Cela dépend, vous savez. Mettons 70 milliards. L’Allemagne a un excédent de 250. Les Allemands ne sont pas plus intelligents que les Français. Les Allemands ne travaillent pas davantage. Grosso modo, le niveau du pays est à peu près le même. Ils ont la même monnaie. On nous a dit longtemps que c’était la monnaie.

Au fond, on paie le travail à peu près au même niveau. Comment se fait‑il que nous acceptions une telle situation d’échec national ? Pour moi, un des thèmes principaux devrait être celui‑là.

Vous savez que j’ai la responsabilité du Commissariat au Plan. Nous allons sortir une étude qui montre produit par produit où nous sommes déficitaires.

Il y a quelque chose comme 900 produits et ce qui m’exaspère, ce qui est pour moi un motif de mobilisation intérieure, je veux bien que l’on soit déficitaire sur des produits que nous n’avons pas sur notre sol. Les hydrocarbures, on ne les a pas. On peut les remplacer, c’est pour cela qu’il faut produire de l’électricité.

Mais comment un pays qui fabrique des satellites, des fusées, des avions, des voitures parmi les meilleures du monde, est‑il incapable de faire des produits, je dis toujours des machines à laver, aucun des produits du quotidien ? 

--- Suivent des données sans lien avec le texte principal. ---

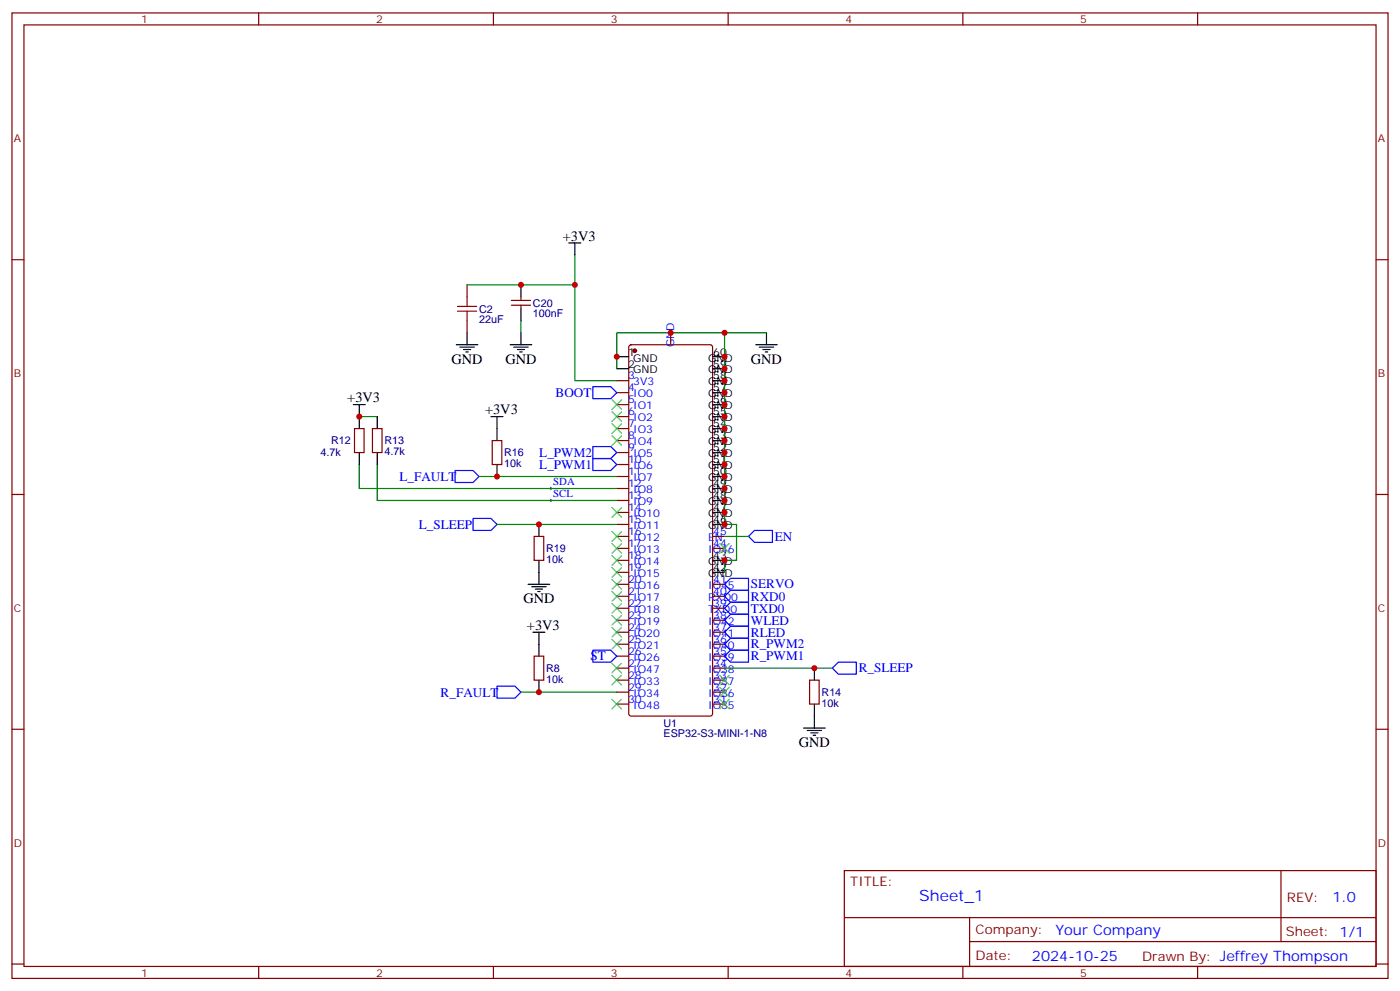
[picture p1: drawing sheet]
<svg xmlns="http://www.w3.org/2000/svg" width="412mm" height="292mm" viewBox="0 0 412 292" stroke-linecap="round" stroke-linejoin="round" font-family="sans-serif">
<g fill="none" stroke="#870000" stroke-width=".35">
<path d="M3.5 3.8h405.4v284.3h-405.4zM7.1 7.3h398.2v277.3h-398.2zM76.2 3.8v3.5M145.3 3.8v3.5M214.5 3.8v3.5M283.6 3.8v3.5M352.8 3.8v3.5M3.5 76.5h3.6M405.3 76.5h3.6M137.6 83.9v3.5M137.6 94.5v3.5M150.6 89.9h5.7"/>
<path d="M150.6 88.5h5.7M153.5 87.4v1.1M153.5 89.9v1M197.6 98v3.5M181.7 112.1h3.5M181.7 115.6h3.5M181.7 119.2h3.5M185.4 101.7l.5-.2h23.3l.6 .5 .1 108.2-.2 .5-.5 .2h-23.3l-.5-.2-.2-.5v-108zM104.4 126.2h2.8v7.1h-2.8zM109.7 126.2h2.8v7.1h-2.8zM145 129.8h2.8v7h-2.8zM181.7 122.7h3.5"/>
<path d="M181.7 126.2h3.5M181.7 129.8h3.5M181.7 133.3h3.5M181.7 136.8h3.5M3.5 145.6h3.6M157.3 158h2.9v7h-2.9zM181.7 140.3h3.5M181.7 143.9h3.5M181.7 147.4h3.5M181.7 150.9h3.5M181.7 154.4h3.5M181.7 158h3.5"/>
<path d="M209.9 158h3.5M405.3 145.6h3.6M181.7 161.5h3.5M181.7 165h3.5M181.7 168.6h3.5M181.7 172.1h3.5M181.7 175.6h3.5M181.7 179.1h3.5M209.9 161.5h3.5M209.9 172.1h3.5M209.9 175.6h3.5M209.9 179.1h3.5"/>
<path d="M157.3 193.3h2.9v7h-2.9zM181.7 182.7h3.5M181.7 186.2h3.5M181.7 189.7h3.5M181.7 193.3h3.5M181.7 196.8h3.5M209.9 182.7h3.5M209.9 186.2h3.5M209.9 189.7h3.5M209.9 193.3h3.5M209.9 196.8h3.5M3.5 214.8h3.6"/>
<path d="M181.7 200.3h3.5M181.7 203.8h3.5M181.7 207.4h3.5M209.9 200.3h3.5M209.9 203.8h3.5M209.9 207.4h3.5M238.5 200.3h2.8v7.1h-2.8zM405.3 214.8h3.6M248.7 256.4h156.6v28.2h-156.6zM377.3 256.4v20.9M248.7 270.2h156.5M285.6 277.3h119.6"/>
<path d="M285.6 270.2v14.2M3.5 283.9h3.6M76.2 284.6v3.5M145.3 284.6v3.5M214.5 284.6v3.5M283.6 284.6v3.5M352.8 284.6v3.5M405.3 283.9h3.6"/>
</g>
<path d="M161.9 143.9h.7M161.9 147.4h.7M162.3 143.5v.7M162.3 147v.7" fill="none" stroke="#000" stroke-width=".29"/>
<circle cx="187" cy="103.3" r=".53" fill="#870000" stroke="#870000" stroke-width=".35"/>
<g fill="none" stroke="#000" stroke-width=".35">
<path d="M167.6 71.5h3.5M169.3 71.5v3.6M137.6 98v3.5M153.5 83.9v3.5M153.5 90.9v3.6M153.5 98v3.5M225.8 98v3.5M104.1 119.2h3.5M105.8 119.2v7M134.4 101.5h6.4M135.5 102.2h4.2M136.5 102.9h2.1"/>
<path d="M137.2 103.6h.7M150.3 101.5h6.3M151.3 102.2h4.3M152.4 102.9h2.1M153.1 103.6h.7M181.7 105.1h3.5M181.7 108.6h3.5M209.9 105.1h3.5M209.9 108.6h3.5M209.9 119.2h3.5M209.9 115.6h3.5M209.9 112.1h3.5"/>
<path d="M222.6 101.5h6.4M223.7 102.2h4.2M224.7 102.9h2.1M225.4 103.6h.7M105.8 133.3v3.5M111.1 122.7v3.5M111.1 133.3v3.5M144.6 122.7h3.6M146.4 122.7v7.1M146.4 136.8v3.5M209.9 136.8h3.5M209.9 133.3h3.5"/>
<path d="M209.9 129.8h3.5M209.9 126.2h3.5M209.9 122.7h3.5M158.7 154.4v3.6M209.9 154.4h3.5M209.9 150.9h3.5M209.9 147.4h3.5M209.9 143.9h3.5M209.9 140.3h3.5M155.6 172.1h6.3M156.6 172.8h4.3M157.7 173.5h2.1"/>
<path d="M158.4 174.2h.7M158.7 165v7.1M209.9 168.6h3.5M209.9 165h3.5M157 186.2h3.5M158.7 186.2v7.1M239.9 196.8v3.5M158.7 200.3v3.5M236.7 214.4h6.4M237.8 215.1h4.2M238.8 215.8h2.1M239.5 216.5h.7"/>
<path d="M239.9 207.4v7"/>
</g>
<g fill="none" stroke="#008700" stroke-width=".35">
<path d="M169.3 75.1v37h12.4M137.6 83.9h31.7M153.5 94.5v3.5M213.4 98h12.4M181.7 108.6v-10.6h31.7v56.4h3.6v10.6h-3.6v3.6M105.8 122.7h5.3M105.8 136.8v7.1h75.9M111.1 136.8v10.6h70.6M141.1 140.3h40.6M146.4 154.4h35.3M213.4 158h7.1M213.4 196.8h31.8"/>
<path d="M153.5 203.8h28.2"/>
</g>
<g fill="none" stroke="#00f" stroke-width=".35">
<path d="M174.6 113.9h5.3l1.8 1.7-1.8 1.8h-5.3zM134.1 138.6h5.2l1.8 1.7-1.8 1.8h-5.2zM174.6 135h5.3l1.8 1.8-1.8 1.8h-5.3zM174.6 131.5h5.3l1.8 1.8-1.8 1.7h-5.3zM139.3 152.7h5.3l1.8 1.7-1.8 1.8h-5.3zM220.5 158l1.7-1.8h5.3v3.5h-5.3zM213.4 175.6l1.8-1.8h5.3v3.6h-5.3zM213.4 172.1l1.8-1.8h5.3v3.5h-5.3zM215.2 177.4h5.3v3.5h-5.3l-1.8-1.8zM174.6 191.5h5.3l1.8 1.8-1.8 1.7h-5.3zM213.4 189.7l1.8-1.7h5.3v3.5h-5.3zM213.4 193.3l1.8-1.8h5.3v3.5h-5.3z"/>
<path d="M213.4 186.2l1.8-1.8h5.3v3.6h-5.3zM213.4 182.7l1.8-1.8h5.3v3.5h-5.3zM245.2 196.8l1.7-1.8h5.3v3.5h-5.3zM146.4 202.1h5.3l1.8 1.7-1.8 1.8h-5.3z"/>
</g>
<g fill="none" stroke="#3c3" stroke-width=".35">
<path d="M180.3 117.8l2.8 2.8M183.1 117.8l-2.8 2.8M180.3 128.3l2.8 2.9M180.3 121.3l2.8 2.8M180.3 124.8l2.8 2.8M183.1 121.3l-2.8 2.8M183.1 124.8l-2.8 2.8M183.1 128.3l-2.8 2.9M180.3 156.6l2.8 2.8M180.3 149.5l2.8 2.8M183.1 156.6l-2.8 2.8M183.1 149.5l-2.8 2.8"/>
<path d="M180.3 163.6l2.8 2.8M180.3 167.1l2.8 2.9M180.3 170.7l2.8 2.8M180.3 174.2l2.8 2.8M180.3 177.7l2.8 2.9M180.3 160.1l2.8 2.8M183.1 163.6l-2.8 2.8M183.1 167.1l-2.8 2.9M183.1 170.7l-2.8 2.8M183.1 174.2l-2.8 2.8M183.1 177.7l-2.8 2.9M183.1 160.1l-2.8 2.8"/>
<path d="M212 160.1l2.8 2.8M214.8 160.1l-2.8 2.8M180.3 181.3l2.8 2.8M180.3 184.8l2.8 2.8M180.3 188.3l2.8 2.8M180.3 195.4l2.8 2.8M180.3 198.9l2.8 2.8M183.1 181.3l-2.8 2.8M183.1 184.8l-2.8 2.8M183.1 188.3l-2.8 2.8M183.1 195.4l-2.8 2.8M183.1 198.9l-2.8 2.8"/>
<path d="M212 198.9l2.8 2.8M214.8 198.9l-2.8 2.8M180.3 206l2.8 2.8M183.1 206l-2.8 2.8M212 202.4l2.8 2.8M212 206l2.8 2.8M214.8 202.4l-2.8 2.8M214.8 206l-2.8 2.8"/>
</g>
<path d="M134.8 91.7h5.6M134.8 90.2h5.6M137.6 87.4v2.8M137.6 91.7v2.8" fill="none" stroke="#a10000" stroke-width=".35"/>
<g fill="#c00">
<circle cx="213.4" cy="150.9" r=".88"/>
<circle cx="213.4" cy="147.4" r=".88"/>
<circle cx="213.4" cy="143.9" r=".88"/>
<circle cx="213.4" cy="140.3" r=".88"/>
<circle cx="213.4" cy="136.8" r=".88"/>
<circle cx="213.4" cy="133.3" r=".88"/>
<circle cx="213.4" cy="129.8" r=".88"/>
<circle cx="213.4" cy="126.2" r=".88"/>
<circle cx="213.4" cy="122.7" r=".88"/>
<circle cx="213.4" cy="119.2" r=".88"/>
<circle cx="213.4" cy="115.6" r=".88"/>
<circle cx="213.4" cy="112.1" r=".88"/>
<circle cx="213.4" cy="108.6" r=".88"/>
<circle cx="213.4" cy="105.1" r=".88"/>
<circle cx="213.4" cy="98" r=".88"/>
<circle cx="181.7" cy="105.1" r=".88"/>
<circle cx="197.6" cy="98" r=".88"/>
<circle cx="213.4" cy="154.4" r=".88"/>
<circle cx="213.4" cy="165" r=".88"/>
<circle cx="153.5" cy="83.9" r=".88"/>
<circle cx="169.3" cy="83.9" r=".88"/>
<circle cx="105.8" cy="122.7" r=".88"/>
<circle cx="239.9" cy="196.8" r=".88"/>
<circle cx="158.8" cy="203.8" r=".88"/>
<circle cx="146.4" cy="140.3" r=".88"/>
<circle cx="158.8" cy="154.4" r=".88"/>
</g>
<text font-size="4.6" fill="#00f" x="270.8" y="265.4">Sheet_1</text>
<g font-size="4.2">
<text x="165.8" y="70.8">+3V3</text>
<text x="133" y="107.2">GND</text>
<text x="148.9" y="107.2">GND</text>
<text x="221.2" y="107.2">GND</text>
<text x="102.3" y="118.5">+3V3</text>
<text x="142.9" y="122">+3V3</text>
<text x="154.2" y="177.7">GND</text>
<text x="155.2" y="185.5">+3V3</text>
<text x="235.3" y="220.1">GND</text>
</g>
<g font-size="4.2" fill="#00f">
<text x="392.5" y="265.7">1.0</text>
<text x="310.9" y="275.2">Your Company</text>
<text x="304" y="283">2024-10-25</text>
</g>
<g font-size="3.9" fill="#00f">
<text x="163.7" y="116.9">BOOT</text>
<text x="158.9" y="134.6">L_PWM2</text>
<text x="117.7" y="141.7">L_FAULT</text>
<text x="158.9" y="138.1">L_PWM1</text>
<text x="123.4" y="155.9">L_SLEEP</text>
<text x="228.2" y="159.2">EN</text>
<text x="221.2" y="173.2">SERVO</text>
<text x="221.2" y="176.9">RXD0</text>
<text x="221.2" y="180.4">TXD0</text>
<text x="221.2" y="184.1">WLED</text>
<text x="221.2" y="191">R_PWM2</text>
<text x="221.2" y="187.6">RLED</text>
<text x="173.9" y="194.5">ST</text>
<text x="221.2" y="194.5">R_PWM1</text>
<text x="252.9" y="198">R_SLEEP</text>
<text x="129.8" y="205.2">R_FAULT</text>
</g>
<g font-size="3.9" fill="#800">
<text x="250.5" y="261">TITLE:</text>
<text x="379.1" y="265.7">REV:</text>
<text x="287.4" y="275.2">Company:</text>
<text x="378.7" y="275.8">Sheet: 1/1</text>
<text x="287.4" y="282.9">Date:</text>
<text x="336.4" y="282.9">Drawn By: Jeffrey Thompson</text>
</g>
<g font-size="3.2" fill="#800">
<text x="41.6" y="6.8">1</text>
<text x="110.8" y="6.8">2</text>
<text x="179.9" y="6.8">3</text>
<text x="249.1" y="6.8">4</text>
<text x="318.2" y="6.8">5</text>
<text x="4.1" y="41.9">A</text>
<text x="405.9" y="41.9">A</text>
<text x="4.1" y="111.1">B</text>
<text x="405.9" y="111.1">B</text>
<text x="4.1" y="180.2">C</text>
<text x="405.9" y="180.2">C</text>
<text x="4.1" y="249.3">D</text>
<text x="405.9" y="249.3">D</text>
<text x="41.6" y="287.6">1</text>
<text x="110.8" y="287.6">2</text>
<text x="179.9" y="287.6">3</text>
<text x="249.1" y="287.6">4</text>
<text x="318.2" y="287.6">5</text>
</g>
<g font-size="3.2" fill="#000080">
<text x="141.1" y="95.2">22uF</text>
<text x="141.1" y="92.1">C2</text>
<text x="157" y="93.5">100nF</text>
<text x="157" y="90.4">C20</text>
<text x="97.5" y="130.9">R12</text>
<text x="113.2" y="130.9">R13</text>
<text x="94.4" y="134.4">4.7k</text>
<text x="113.2" y="134.1">4.7k</text>
<text x="148.5" y="137.6">10k</text>
<text x="148.5" y="134.4">R16</text>
<text x="160.9" y="165.8">10k</text>
<text x="160.9" y="162.6">R19</text>
<text x="160.9" y="197.9">R8</text>
<text x="160.9" y="201.1">10k</text>
<text x="242" y="208.2">10k</text>
<text x="242" y="205">R14</text>
<text x="195.4" y="214">U1</text>
<text x="195.4" y="217.1">ESP32-S3-MINI-1-N8</text>
</g>
<g font-size="3.2">
<text x="185" y="104.7">1</text>
<text x="186.5" y="106.5">GND</text>
<text x="208.6" y="106.5">GND</text>
<text x="210.1" y="104.7">60</text>
<text x="185" y="108.2">2</text>
<text x="186.5" y="110">GND</text>
<text x="208.6" y="113.5">GND</text>
<text x="208.6" y="110">GND</text>
<text x="210.1" y="111.8">58</text>
<text x="210.1" y="108.2">59</text>
<text x="208.6" y="117.1">GND</text>
<text x="210.1" y="118.8">56</text>
<text x="210.1" y="115.3">57</text>
<text x="208.6" y="124.1">GND</text>
<text x="208.6" y="120.6">GND</text>
<text x="210.1" y="125.9">54</text>
<text x="210.1" y="122.3">55</text>
<text x="208.6" y="131.2">GND</text>
<text x="208.6" y="127.6">GND</text>
<text x="210.1" y="129.4">53</text>
<text x="208.6" y="134.7">GND</text>
<text x="210.1" y="136.5">51</text>
<text x="210.1" y="132.9">52</text>
<text x="208.6" y="141.7">GND</text>
<text x="208.6" y="138.2">GND</text>
<text x="210.1" y="143.5">49</text>
<text x="210.1" y="140">50</text>
<text x="208.6" y="148.8">GND</text>
<text x="208.6" y="145.3">GND</text>
<text x="210.1" y="147">48</text>
<text x="208.6" y="155.9">GND</text>
<text x="208.6" y="152.3">GND</text>
<text x="210.1" y="154.1">46</text>
<text x="210.1" y="150.6">47</text>
<text x="208.6" y="166.4">GND</text>
<text x="210.1" y="164.7">43</text>
<text x="208.6" y="170">GND</text>
<text x="210.1" y="168.2">42</text>
</g>
<g font-size="3.2" fill="#00f">
<text x="198.6" y="102.2" transform="rotate(-90 198.6 102.2)">GND</text>
<text x="185" y="111.8">3</text>
<text x="186.5" y="113.5">3V3</text>
<text x="185" y="115.3">4</text>
<text x="185" y="118.8">5</text>
<text x="186.5" y="117.1">IO0</text>
<text x="185" y="122.3">6</text>
<text x="185" y="125.9">7</text>
<text x="186.5" y="120.6">IO1</text>
<text x="186.5" y="124.1">IO2</text>
<text x="185" y="129.4">8</text>
<text x="186.5" y="127.6">IO3</text>
<text x="186.5" y="131.2">IO4</text>
<text x="185" y="132.9">9</text>
<text x="185" y="136.5">10</text>
<text x="186.5" y="134.7">IO5</text>
<text x="163" y="143">SDA</text>
<text x="185" y="140">11</text>
<text x="185" y="143.5">12</text>
<text x="186.5" y="138.2">IO6</text>
<text x="186.5" y="141.7">IO7</text>
<text x="163" y="146.5">SCL</text>
<text x="185" y="147">13</text>
<text x="186.5" y="145.3">IO8</text>
<text x="186.5" y="148.8">IO9</text>
<text x="185" y="150.6">14</text>
<text x="185" y="154.1">15</text>
<text x="186.5" y="152.3">IO10</text>
<text x="186.5" y="155.9">IO11</text>
<text x="185" y="157.6">16</text>
<text x="185" y="161.1">17</text>
<text x="186.5" y="159.4">IO12</text>
<text x="208.6" y="159.4">EN</text>
<text x="210.1" y="161.1">44</text>
<text x="210.1" y="157.6">45</text>
<text x="185" y="164.7">18</text>
<text x="186.5" y="162.9">IO13</text>
<text x="186.5" y="166.4">IO14</text>
<text x="208.6" y="162.9">IO46</text>
<text x="185" y="168.2">19</text>
<text x="185" y="171.7">20</text>
<text x="186.5" y="170">IO15</text>
<text x="186.5" y="173.5">IO16</text>
<text x="208.6" y="173.5">IO45</text>
<text x="210.1" y="171.7">41</text>
<text x="185" y="175.3">21</text>
<text x="185" y="178.8">22</text>
<text x="186.5" y="177">IO17</text>
<text x="208.6" y="177">RXD0</text>
<text x="210.1" y="178.8">39</text>
<text x="210.1" y="175.3">40</text>
<text x="185" y="182.3">23</text>
<text x="185" y="185.8">24</text>
<text x="186.5" y="180.6">IO18</text>
<text x="186.5" y="184.1">IO19</text>
<text x="208.6" y="184.1">IO42</text>
<text x="208.6" y="180.6">TXD0</text>
<text x="210.1" y="185.8">37</text>
<text x="210.1" y="182.3">38</text>
<text x="185" y="189.4">25</text>
<text x="186.5" y="187.6">IO20</text>
<text x="186.5" y="191.1">IO21</text>
<text x="208.6" y="191.1">IO40</text>
<text x="208.6" y="187.6">IO41</text>
<text x="210.1" y="189.4">36</text>
<text x="185" y="192.9">26</text>
<text x="185" y="196.4">27</text>
<text x="186.5" y="194.7">IO26</text>
<text x="208.6" y="194.7">IO39</text>
<text x="210.1" y="196.4">34</text>
<text x="210.1" y="192.9">35</text>
<text x="185" y="200">28</text>
<text x="185" y="203.5">29</text>
<text x="186.5" y="198.2">IO47</text>
<text x="186.5" y="201.7">IO33</text>
<text x="208.6" y="201.7">IO37</text>
<text x="208.6" y="198.2">IO38</text>
<text x="210.1" y="203.5">32</text>
<text x="210.1" y="200">33</text>
<text x="185" y="207">30</text>
<text x="186.5" y="205.2">IO34</text>
<text x="186.5" y="208.8">IO48</text>
<text x="208.6" y="208.8">IO35</text>
<text x="208.6" y="205.2">IO36</text>
<text x="210.1" y="207">31</text>
</g>
</svg>

Les Allemands en sont capables. Vous avez en tête des marques qui sont dans les foyers, des produits achetés et choisis.

Nous avons à reconquérir pied à pied, c’est‑à‑dire produit par produit, et cela se fait en association entre l’État et les grandes entreprises. Il faut être capable de les asseoir autour de la table pour avoir une stratégie de reconquête.

Merci, François Bayrou, d’être venu nous voir ce matin sur RMC et BFM TV.